Les prêteurs, a-t-elle dit, « ne veulent pas le financer, car ils ne le savent pas, et cela rend les choses très difficiles ».
L’agriculture a toujours été une industrie à forte intensité de capital – avec des coûts élevés pour les terres, l’équipement et les intrants – mais les prix partout au Canada ont dépassé les revenus qui peuvent être générés par ces terres, a déclaré Jean-Philippe Gervais, économiste en chef de Financement agricole Canada. , une société d’État qui prête aux agriculteurs.
« La relation entre le prix du terrain et les revenus que l’on peut attendre du terrain – ce rapport est le plus élevé que nous ayons jamais vu », a déclaré Gervais dans une récente interview. « Nous sommes donc vraiment à des prix qui sont les plus élevés que nous ayons jamais vus, non seulement en valeur absolue en dollars par hectare, mais aussi par rapport à ce qui peut être généré en revenus. »
Il est maintenant rare que les agriculteurs tirent profit des terres qu’ils achètent simplement en les cultivant, a-t-il déclaré, ajoutant que la plupart des agriculteurs ne récupèrent leur argent que lorsqu’ils vendent.
Les grandes fermes établies peuvent financer l’achat de plus de terres à partir des revenus générés sur les terres qui ont déjà été payées, a-t-il ajouté.
Mais même les grandes exploitations sont confrontées à des coûts élevés.
Un sondage auprès de plus de 3 600 agriculteurs publié le mois dernier par l’Association des agriculteurs du Québec a révélé que 11 % envisagent de fermer au cours de l’année à venir.
L’Union des producteurs agricoles a constaté que les coûts des fermes québécoises ont augmenté en moyenne de 17,3 % en 2022, tandis que les revenus ont augmenté en moyenne de 14,7 %.
Un rapport publié au début d’avril par RBC a révélé que 40 % des exploitants agricoles canadiens prévoyaient de prendre leur retraite au cours de la prochaine décennie et que 66 % n’avaient pas de plan de relève.
Julie Bissonnette, présidente d’un organisme qui représente les jeunes agriculteurs québécois et favorise la relève agricole, affirme qu’il y a beaucoup de jeunes qui s’intéressent à l’agriculture.

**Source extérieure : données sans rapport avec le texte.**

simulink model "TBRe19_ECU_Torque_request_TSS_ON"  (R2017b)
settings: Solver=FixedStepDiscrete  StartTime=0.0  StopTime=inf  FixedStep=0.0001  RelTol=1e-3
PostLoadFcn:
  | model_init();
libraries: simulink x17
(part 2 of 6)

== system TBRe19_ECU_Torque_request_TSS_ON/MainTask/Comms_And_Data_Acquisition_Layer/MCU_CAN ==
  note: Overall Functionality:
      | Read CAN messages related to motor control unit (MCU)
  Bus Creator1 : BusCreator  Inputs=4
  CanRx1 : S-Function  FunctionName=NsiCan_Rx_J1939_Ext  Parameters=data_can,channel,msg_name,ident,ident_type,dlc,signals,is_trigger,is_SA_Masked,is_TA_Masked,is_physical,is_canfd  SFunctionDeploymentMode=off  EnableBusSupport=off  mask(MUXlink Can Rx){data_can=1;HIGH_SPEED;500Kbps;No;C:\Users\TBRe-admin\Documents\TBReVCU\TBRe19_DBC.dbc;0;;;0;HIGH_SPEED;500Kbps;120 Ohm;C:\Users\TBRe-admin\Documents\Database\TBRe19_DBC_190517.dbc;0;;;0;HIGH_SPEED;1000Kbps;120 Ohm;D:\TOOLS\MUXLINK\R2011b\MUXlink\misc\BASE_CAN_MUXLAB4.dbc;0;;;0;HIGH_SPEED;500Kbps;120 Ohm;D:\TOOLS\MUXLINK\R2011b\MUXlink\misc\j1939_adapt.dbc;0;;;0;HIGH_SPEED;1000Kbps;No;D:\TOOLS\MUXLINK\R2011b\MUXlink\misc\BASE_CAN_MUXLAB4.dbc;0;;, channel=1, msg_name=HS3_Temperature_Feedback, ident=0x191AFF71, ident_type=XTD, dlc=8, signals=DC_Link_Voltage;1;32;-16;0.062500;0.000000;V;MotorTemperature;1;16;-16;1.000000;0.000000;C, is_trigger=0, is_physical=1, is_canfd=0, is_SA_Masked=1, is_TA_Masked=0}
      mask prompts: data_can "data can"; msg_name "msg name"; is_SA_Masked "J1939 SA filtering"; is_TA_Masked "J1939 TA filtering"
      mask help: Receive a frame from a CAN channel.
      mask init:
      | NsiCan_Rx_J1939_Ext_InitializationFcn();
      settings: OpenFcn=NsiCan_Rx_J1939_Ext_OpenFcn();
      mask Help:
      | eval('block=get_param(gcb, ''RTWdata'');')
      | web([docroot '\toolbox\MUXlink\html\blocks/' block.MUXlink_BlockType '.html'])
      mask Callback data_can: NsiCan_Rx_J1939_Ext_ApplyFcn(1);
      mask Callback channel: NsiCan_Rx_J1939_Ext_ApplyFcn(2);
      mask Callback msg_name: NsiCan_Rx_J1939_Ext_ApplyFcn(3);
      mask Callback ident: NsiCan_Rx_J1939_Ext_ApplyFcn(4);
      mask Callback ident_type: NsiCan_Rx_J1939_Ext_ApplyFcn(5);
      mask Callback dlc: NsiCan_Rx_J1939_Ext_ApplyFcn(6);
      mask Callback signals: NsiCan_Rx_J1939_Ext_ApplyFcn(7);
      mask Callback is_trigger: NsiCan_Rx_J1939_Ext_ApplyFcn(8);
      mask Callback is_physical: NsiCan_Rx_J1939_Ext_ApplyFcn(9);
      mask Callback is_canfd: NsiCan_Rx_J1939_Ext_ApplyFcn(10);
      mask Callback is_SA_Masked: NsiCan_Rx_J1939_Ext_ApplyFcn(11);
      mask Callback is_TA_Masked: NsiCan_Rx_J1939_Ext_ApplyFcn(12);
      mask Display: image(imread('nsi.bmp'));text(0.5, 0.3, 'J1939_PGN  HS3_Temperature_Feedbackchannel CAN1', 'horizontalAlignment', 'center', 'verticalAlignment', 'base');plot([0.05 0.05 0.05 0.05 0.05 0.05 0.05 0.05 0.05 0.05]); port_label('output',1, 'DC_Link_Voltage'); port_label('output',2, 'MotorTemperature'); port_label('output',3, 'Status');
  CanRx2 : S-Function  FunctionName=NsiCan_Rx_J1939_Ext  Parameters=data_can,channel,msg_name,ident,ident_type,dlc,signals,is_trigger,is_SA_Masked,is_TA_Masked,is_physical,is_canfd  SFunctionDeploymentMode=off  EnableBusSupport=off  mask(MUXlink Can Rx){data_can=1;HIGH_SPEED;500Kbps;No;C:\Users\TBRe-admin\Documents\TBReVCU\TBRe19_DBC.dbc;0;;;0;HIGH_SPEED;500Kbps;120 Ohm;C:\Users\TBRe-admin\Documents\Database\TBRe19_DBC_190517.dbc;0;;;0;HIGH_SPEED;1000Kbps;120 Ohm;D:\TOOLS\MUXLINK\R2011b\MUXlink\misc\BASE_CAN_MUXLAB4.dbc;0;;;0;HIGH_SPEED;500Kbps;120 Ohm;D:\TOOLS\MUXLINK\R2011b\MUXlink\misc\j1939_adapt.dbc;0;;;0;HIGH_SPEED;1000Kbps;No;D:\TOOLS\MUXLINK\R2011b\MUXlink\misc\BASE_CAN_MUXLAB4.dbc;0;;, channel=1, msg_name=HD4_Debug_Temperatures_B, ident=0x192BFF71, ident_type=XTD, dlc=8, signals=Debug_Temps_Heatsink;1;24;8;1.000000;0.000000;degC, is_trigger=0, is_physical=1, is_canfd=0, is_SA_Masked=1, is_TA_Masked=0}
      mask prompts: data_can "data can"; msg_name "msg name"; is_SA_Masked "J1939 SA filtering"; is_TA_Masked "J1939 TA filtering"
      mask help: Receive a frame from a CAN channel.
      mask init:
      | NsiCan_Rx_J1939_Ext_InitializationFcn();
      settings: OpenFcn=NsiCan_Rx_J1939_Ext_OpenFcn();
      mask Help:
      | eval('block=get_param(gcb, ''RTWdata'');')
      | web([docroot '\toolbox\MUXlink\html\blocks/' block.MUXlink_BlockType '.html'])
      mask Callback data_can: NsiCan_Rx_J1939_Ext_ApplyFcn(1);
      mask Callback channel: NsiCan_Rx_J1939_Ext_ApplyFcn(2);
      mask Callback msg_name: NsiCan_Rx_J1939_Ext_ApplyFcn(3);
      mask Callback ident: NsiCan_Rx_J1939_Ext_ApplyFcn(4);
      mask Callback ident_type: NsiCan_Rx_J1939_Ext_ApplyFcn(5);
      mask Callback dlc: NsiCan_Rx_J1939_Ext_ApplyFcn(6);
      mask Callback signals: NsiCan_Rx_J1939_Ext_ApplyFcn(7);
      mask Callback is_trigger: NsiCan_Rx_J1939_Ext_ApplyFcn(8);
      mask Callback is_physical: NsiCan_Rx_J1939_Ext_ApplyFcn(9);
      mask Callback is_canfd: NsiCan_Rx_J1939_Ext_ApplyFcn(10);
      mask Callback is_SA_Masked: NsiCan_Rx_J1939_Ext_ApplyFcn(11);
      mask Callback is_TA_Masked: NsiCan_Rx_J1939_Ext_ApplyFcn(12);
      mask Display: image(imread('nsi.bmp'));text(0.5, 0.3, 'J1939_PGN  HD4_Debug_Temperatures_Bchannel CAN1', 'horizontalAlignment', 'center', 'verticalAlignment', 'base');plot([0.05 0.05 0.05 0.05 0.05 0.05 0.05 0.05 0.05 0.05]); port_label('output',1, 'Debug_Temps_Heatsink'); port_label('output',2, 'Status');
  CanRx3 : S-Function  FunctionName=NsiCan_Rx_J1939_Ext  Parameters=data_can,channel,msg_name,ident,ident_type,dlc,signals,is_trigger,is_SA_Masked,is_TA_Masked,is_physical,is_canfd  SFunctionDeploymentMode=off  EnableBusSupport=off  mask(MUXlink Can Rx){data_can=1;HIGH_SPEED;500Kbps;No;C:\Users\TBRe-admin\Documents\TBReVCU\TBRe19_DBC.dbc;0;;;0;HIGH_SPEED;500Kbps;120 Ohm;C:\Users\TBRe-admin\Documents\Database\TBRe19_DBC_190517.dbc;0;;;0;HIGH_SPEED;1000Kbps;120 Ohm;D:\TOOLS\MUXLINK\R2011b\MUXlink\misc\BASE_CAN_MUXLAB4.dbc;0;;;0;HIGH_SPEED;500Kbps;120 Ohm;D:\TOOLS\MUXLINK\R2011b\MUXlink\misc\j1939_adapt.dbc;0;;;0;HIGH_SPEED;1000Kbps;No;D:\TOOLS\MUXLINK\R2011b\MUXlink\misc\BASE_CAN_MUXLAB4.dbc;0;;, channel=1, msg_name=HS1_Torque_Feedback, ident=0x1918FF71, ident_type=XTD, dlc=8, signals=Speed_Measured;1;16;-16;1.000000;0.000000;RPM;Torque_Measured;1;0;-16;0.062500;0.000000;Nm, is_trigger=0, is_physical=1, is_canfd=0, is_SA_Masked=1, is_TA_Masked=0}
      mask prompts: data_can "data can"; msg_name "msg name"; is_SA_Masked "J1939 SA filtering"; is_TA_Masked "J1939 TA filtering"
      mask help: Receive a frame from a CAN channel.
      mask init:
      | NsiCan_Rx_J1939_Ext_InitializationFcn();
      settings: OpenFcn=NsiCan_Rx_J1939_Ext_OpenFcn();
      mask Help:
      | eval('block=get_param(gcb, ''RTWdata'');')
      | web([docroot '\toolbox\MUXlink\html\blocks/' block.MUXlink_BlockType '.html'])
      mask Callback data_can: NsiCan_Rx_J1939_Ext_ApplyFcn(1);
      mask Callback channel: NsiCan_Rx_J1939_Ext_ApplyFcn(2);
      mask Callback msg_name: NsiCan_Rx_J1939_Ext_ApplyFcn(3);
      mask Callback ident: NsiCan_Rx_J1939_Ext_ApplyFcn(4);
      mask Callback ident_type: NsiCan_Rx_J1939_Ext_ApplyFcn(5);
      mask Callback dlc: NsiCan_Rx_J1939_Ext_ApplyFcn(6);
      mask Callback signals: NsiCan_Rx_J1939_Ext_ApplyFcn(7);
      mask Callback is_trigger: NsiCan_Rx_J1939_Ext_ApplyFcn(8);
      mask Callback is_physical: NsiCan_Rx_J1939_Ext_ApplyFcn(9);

« Parfois, on entend dire qu’il n’y a personne pour prendre la relève, mais ce n’est pas vrai, il y en a beaucoup, mais il faut s’assurer qu’ils sont capables de s’installer », a déclaré Bissonnette, de la Fédération de la relève agricole du Québec, dans une récente entrevue. « C’est tellement d’argent. »
L’étalement urbain et l’afflux de personnes qui déménagent dans les régions rurales pour travailler à distance exercent une pression accrue sur les terres arables du Québec, a déclaré Bissonnette.
Landry, quant à elle, a déclaré qu’elle aimerait voir davantage de petits agriculteurs, car ils ont tendance à établir des relations étroites avec les résidents locaux.
« Nous devons reconnecter le public à ce qu’il fait trois fois par jour, c’est-à-dire manger », a-t-elle déclaré. « Sachez d’où vient votre nourriture. Si vous ne pouvez pas la cultiver vous-même, trouvez quelqu’un qui le fait comme vous le feriez. »
Ce rapport de La Presse canadienne a été publié pour la première fois le 7 mai 2023.